Print exactly the first lines of the records. Stop after the line containing "#36=VECTOR('',#35,1.);", and leave every picture out.
:: Data for this task ::
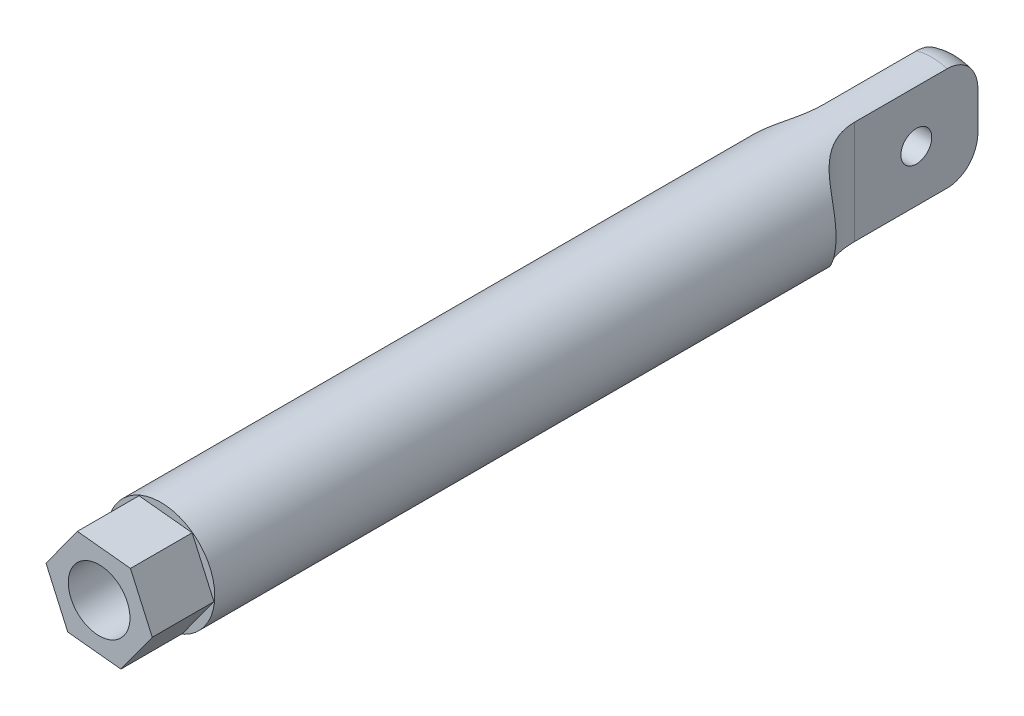
ISO-10303-21;
HEADER;
FILE_DESCRIPTION(('STEP AP214'),'2;1');
FILE_NAME('part.step','',(''),(''),'','','');
FILE_SCHEMA(('AUTOMOTIVE_DESIGN { 1 0 10303 214 1 1 1 1 }'));
ENDSEC;
DATA;
#1=APPLICATION_CONTEXT('core data for automotive mechanical design processes');
#2=APPLICATION_PROTOCOL_DEFINITION('international standard','automotive_design',2000,#1);
#3=PRODUCT_CONTEXT('',#1,'mechanical');
#4=PRODUCT('Part','Part','',(#3));
#5=PRODUCT_RELATED_PRODUCT_CATEGORY('part','',(#4));
#6=PRODUCT_DEFINITION_FORMATION('','',#4);
#7=PRODUCT_DEFINITION_CONTEXT('part definition',#1,'design');
#8=PRODUCT_DEFINITION('design','',#6,#7);
#9=PRODUCT_DEFINITION_SHAPE('','',#8);
#10=(LENGTH_UNIT() NAMED_UNIT(*) SI_UNIT(.MILLI.,.METRE.));
#11=(NAMED_UNIT(*) PLANE_ANGLE_UNIT() SI_UNIT($,.RADIAN.));
#12=(NAMED_UNIT(*) SI_UNIT($,.STERADIAN.) SOLID_ANGLE_UNIT());
#13=UNCERTAINTY_MEASURE_WITH_UNIT(LENGTH_MEASURE(1.E-05),#10,'distance_accuracy_value','');
#14=(GEOMETRIC_REPRESENTATION_CONTEXT(3) GLOBAL_UNCERTAINTY_ASSIGNED_CONTEXT((#13)) GLOBAL_UNIT_ASSIGNED_CONTEXT((#10,
#11,#12)) REPRESENTATION_CONTEXT('',''));
#15=CARTESIAN_POINT('',(0.,0.,0.));
#16=DIRECTION('',(0.,0.,1.));
#17=DIRECTION('',(1.,0.,0.));
#18=AXIS2_PLACEMENT_3D('',#15,#16,#17);
#19=CARTESIAN_POINT('',(0.,0.,20.));
#20=DIRECTION('',(0.,0.,-1.));
#21=DIRECTION('',(-1.,0.,0.));
#22=AXIS2_PLACEMENT_3D('',#19,#20,#21);
#23=CYLINDRICAL_SURFACE('',#22,1.75);
#24=CARTESIAN_POINT('',(0.,0.,20.));
#25=DIRECTION('',(0.,0.,1.));
#26=DIRECTION('',(1.,0.,0.));
#27=AXIS2_PLACEMENT_3D('',#24,#25,#26);
#28=CIRCLE('',#27,1.75);
#29=CARTESIAN_POINT('',(1.75,0.,20.));
#30=VERTEX_POINT('',#29);
#31=EDGE_CURVE('E180',#30,#30,#28,.T.);
#32=ORIENTED_EDGE('',*,*,#31,.F.);
#33=EDGE_LOOP('',(#32));
#34=FACE_BOUND('',#33,.T.);
#35=DIRECTION('',(0.,0.,1.));
#36=VECTOR('',#35,1.);
#37=CARTESIAN_POINT('',(-0.5,-1.67705098312484,-6.));
#38=LINE('',#37,#36);
#39=CARTESIAN_POINT('',(-0.5,-1.67705098312484,-5.));
#40=VERTEX_POINT('',#39);
#41=CARTESIAN_POINT('',(-0.5,-1.67705098312484,-2.));
#42=VERTEX_POINT('',#41);
#43=EDGE_CURVE('E184',#40,#42,#38,.T.);
#44=ORIENTED_EDGE('',*,*,#43,.F.);
#45=CARTESIAN_POINT('',(0.,0.,-5.));
#46=DIRECTION('',(0.,0.,-1.));
#47=DIRECTION('',(-1.,0.,0.));
#48=AXIS2_PLACEMENT_3D('',#45,#46,#47);
#49=CIRCLE('',#48,1.75);
#50=CARTESIAN_POINT('',(0.5,-1.67705098312484,-5.));
#51=VERTEX_POINT('',#50);
#52=EDGE_CURVE('E75',#40,#51,#49,.F.);
#53=ORIENTED_EDGE('',*,*,#52,.T.);
#54=DIRECTION('',(0.,0.,1.));
#55=VECTOR('',#54,1.);
#56=CARTESIAN_POINT('',(0.5,-1.67705098312484,-6.));
#57=LINE('',#56,#55);
#58=CARTESIAN_POINT('',(0.5,-1.67705098312484,-2.));
#59=VERTEX_POINT('',#58);
#60=EDGE_CURVE('E179',#51,#59,#57,.T.);
#61=ORIENTED_EDGE('',*,*,#60,.T.);
#62=CARTESIAN_POINT('',(0.5,-1.67705098312484,-2.));
#63=CARTESIAN_POINT('',(0.499994368760104,-1.6770354956341,-1.94779850562818));
#64=CARTESIAN_POINT('',(0.502043786255566,-1.67644117921669,-1.89559753960627));
#65=CARTESIAN_POINT('',(0.510210741401807,-1.6739827907674,-1.79153500315001));
#66=CARTESIAN_POINT('',(0.516329067705572,-1.67211847257675,-1.73967350048015));
#67=CARTESIAN_POINT('',(0.532626936385553,-1.66699687056864,-1.63642635701448));
#68=CARTESIAN_POINT('',(0.542823897447035,-1.66373360791191,-1.585043737132));
#69=CARTESIAN_POINT('',(0.567169530888582,-1.65559080971641,-1.48337219697433));
#70=CARTESIAN_POINT('',(0.581317980893425,-1.65071136512752,-1.43308321532482));
#71=CARTESIAN_POINT('',(0.629582184733351,-1.63319521188351,-1.28417787664913));
#72=CARTESIAN_POINT('',(0.669493017112604,-1.61768640895561,-1.18767195511259));
#73=CARTESIAN_POINT('',(0.762581856820665,-1.57592622715432,-1.00403868638829));
#74=CARTESIAN_POINT('',(0.815729226293232,-1.54969956767906,-0.916890337305117));
#75=CARTESIAN_POINT('',(0.92711808993018,-1.48551241329525,-0.761254059595936));
#76=CARTESIAN_POINT('',(0.984670484617635,-1.44858916291394,-0.691853392475164));
#77=CARTESIAN_POINT('',(1.10307852981525,-1.36055735206579,-0.566104628248389));
#78=CARTESIAN_POINT('',(1.16393049264598,-1.30946437547285,-0.509742315744062));
#79=CARTESIAN_POINT('',(1.27463269084449,-1.20122198654888,-0.417937641428869));
#80=CARTESIAN_POINT('',(1.32482028315847,-1.14595583221622,-0.380662815132576));
#81=CARTESIAN_POINT('',(1.41981408952918,-1.02590561759596,-0.315804849468108));
#82=CARTESIAN_POINT('',(1.46461876878428,-0.961118854397993,-0.288224469930275));
#83=CARTESIAN_POINT('',(1.54482406578528,-0.825850281714614,-0.242239046746777));
#84=CARTESIAN_POINT('',(1.58046132268212,-0.755590346619209,-0.223589328779858));
#85=CARTESIAN_POINT('',(1.64227010096167,-0.609694301766643,-0.192932414466813));
#86=CARTESIAN_POINT('',(1.66844247834643,-0.534058678926419,-0.18092461737448));
#87=CARTESIAN_POINT('',(1.7093649040377,-0.382690513207061,-0.162780526718146));
#88=CARTESIAN_POINT('',(1.72456317988895,-0.307105951910005,-0.156411079550968));
#89=CARTESIAN_POINT('',(1.74488277767862,-0.154353416992535,-0.147996366695973));
#90=CARTESIAN_POINT('',(1.75000191284764,-0.0771851034300754,-0.145952039378574));
#91=CARTESIAN_POINT('',(1.74999780045129,0.0887537466603745,-0.145948468096598));
#92=CARTESIAN_POINT('',(1.74322440688529,0.177529693356911,-0.148647428740008));
#93=CARTESIAN_POINT('',(1.71637710716438,0.352713049713646,-0.159852537199496));
#94=CARTESIAN_POINT('',(1.69629729938487,0.43911939069674,-0.168361261797137));
#95=CARTESIAN_POINT('',(1.64363349655238,0.60723728009681,-0.192384662048259));
#96=CARTESIAN_POINT('',(1.61102414659559,0.688938920017352,-0.20791355510727));
#97=CARTESIAN_POINT('',(1.53500808753283,0.844841115620229,-0.247681905645829));
#98=CARTESIAN_POINT('',(1.49160842487803,0.91904652230522,-0.271915683107096));
#99=CARTESIAN_POINT('',(1.39864086033547,1.05490115063262,-0.329708579575449));
#100=CARTESIAN_POINT('',(1.34937461732014,1.11692368829345,-0.362872925986087));
#101=CARTESIAN_POINT('',(1.24697649709225,1.2301938824324,-0.43986698868439));
#102=CARTESIAN_POINT('',(1.19384645814268,1.28144661825437,-0.483691656124972));
#103=CARTESIAN_POINT('',(1.09104439951398,1.3698342474073,-0.578928156800576));
#104=CARTESIAN_POINT('',(1.04136107424774,1.40764457907203,-0.629705891103311));
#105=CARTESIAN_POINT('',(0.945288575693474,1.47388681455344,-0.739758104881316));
:::
= Response for this exercise =
ISO-10303-21;
HEADER;
FILE_DESCRIPTION(('STEP AP214'),'2;1');
FILE_NAME('part.step','',(''),(''),'','','');
FILE_SCHEMA(('AUTOMOTIVE_DESIGN { 1 0 10303 214 1 1 1 1 }'));
ENDSEC;
DATA;
#1=APPLICATION_CONTEXT('core data for automotive mechanical design processes');
#2=APPLICATION_PROTOCOL_DEFINITION('international standard','automotive_design',2000,#1);
#3=PRODUCT_CONTEXT('',#1,'mechanical');
#4=PRODUCT('Part','Part','',(#3));
#5=PRODUCT_RELATED_PRODUCT_CATEGORY('part','',(#4));
#6=PRODUCT_DEFINITION_FORMATION('','',#4);
#7=PRODUCT_DEFINITION_CONTEXT('part definition',#1,'design');
#8=PRODUCT_DEFINITION('design','',#6,#7);
#9=PRODUCT_DEFINITION_SHAPE('','',#8);
#10=(LENGTH_UNIT() NAMED_UNIT(*) SI_UNIT(.MILLI.,.METRE.));
#11=(NAMED_UNIT(*) PLANE_ANGLE_UNIT() SI_UNIT($,.RADIAN.));
#12=(NAMED_UNIT(*) SI_UNIT($,.STERADIAN.) SOLID_ANGLE_UNIT());
#13=UNCERTAINTY_MEASURE_WITH_UNIT(LENGTH_MEASURE(1.E-05),#10,'distance_accuracy_value','');
#14=(GEOMETRIC_REPRESENTATION_CONTEXT(3) GLOBAL_UNCERTAINTY_ASSIGNED_CONTEXT((#13)) GLOBAL_UNIT_ASSIGNED_CONTEXT((#10,
#11,#12)) REPRESENTATION_CONTEXT('',''));
#15=CARTESIAN_POINT('',(0.,0.,0.));
#16=DIRECTION('',(0.,0.,1.));
#17=DIRECTION('',(1.,0.,0.));
#18=AXIS2_PLACEMENT_3D('',#15,#16,#17);
#19=CARTESIAN_POINT('',(0.,0.,20.));
#20=DIRECTION('',(0.,0.,-1.));
#21=DIRECTION('',(-1.,0.,0.));
#22=AXIS2_PLACEMENT_3D('',#19,#20,#21);
#23=CYLINDRICAL_SURFACE('',#22,1.75);
#24=CARTESIAN_POINT('',(0.,0.,20.));
#25=DIRECTION('',(0.,0.,1.));
#26=DIRECTION('',(1.,0.,0.));
#27=AXIS2_PLACEMENT_3D('',#24,#25,#26);
#28=CIRCLE('',#27,1.75);
#29=CARTESIAN_POINT('',(1.75,0.,20.));
#30=VERTEX_POINT('',#29);
#31=EDGE_CURVE('E180',#30,#30,#28,.T.);
#32=ORIENTED_EDGE('',*,*,#31,.F.);
#33=EDGE_LOOP('',(#32));
#34=FACE_BOUND('',#33,.T.);
#35=DIRECTION('',(0.,0.,1.));
#36=VECTOR('',#35,1.);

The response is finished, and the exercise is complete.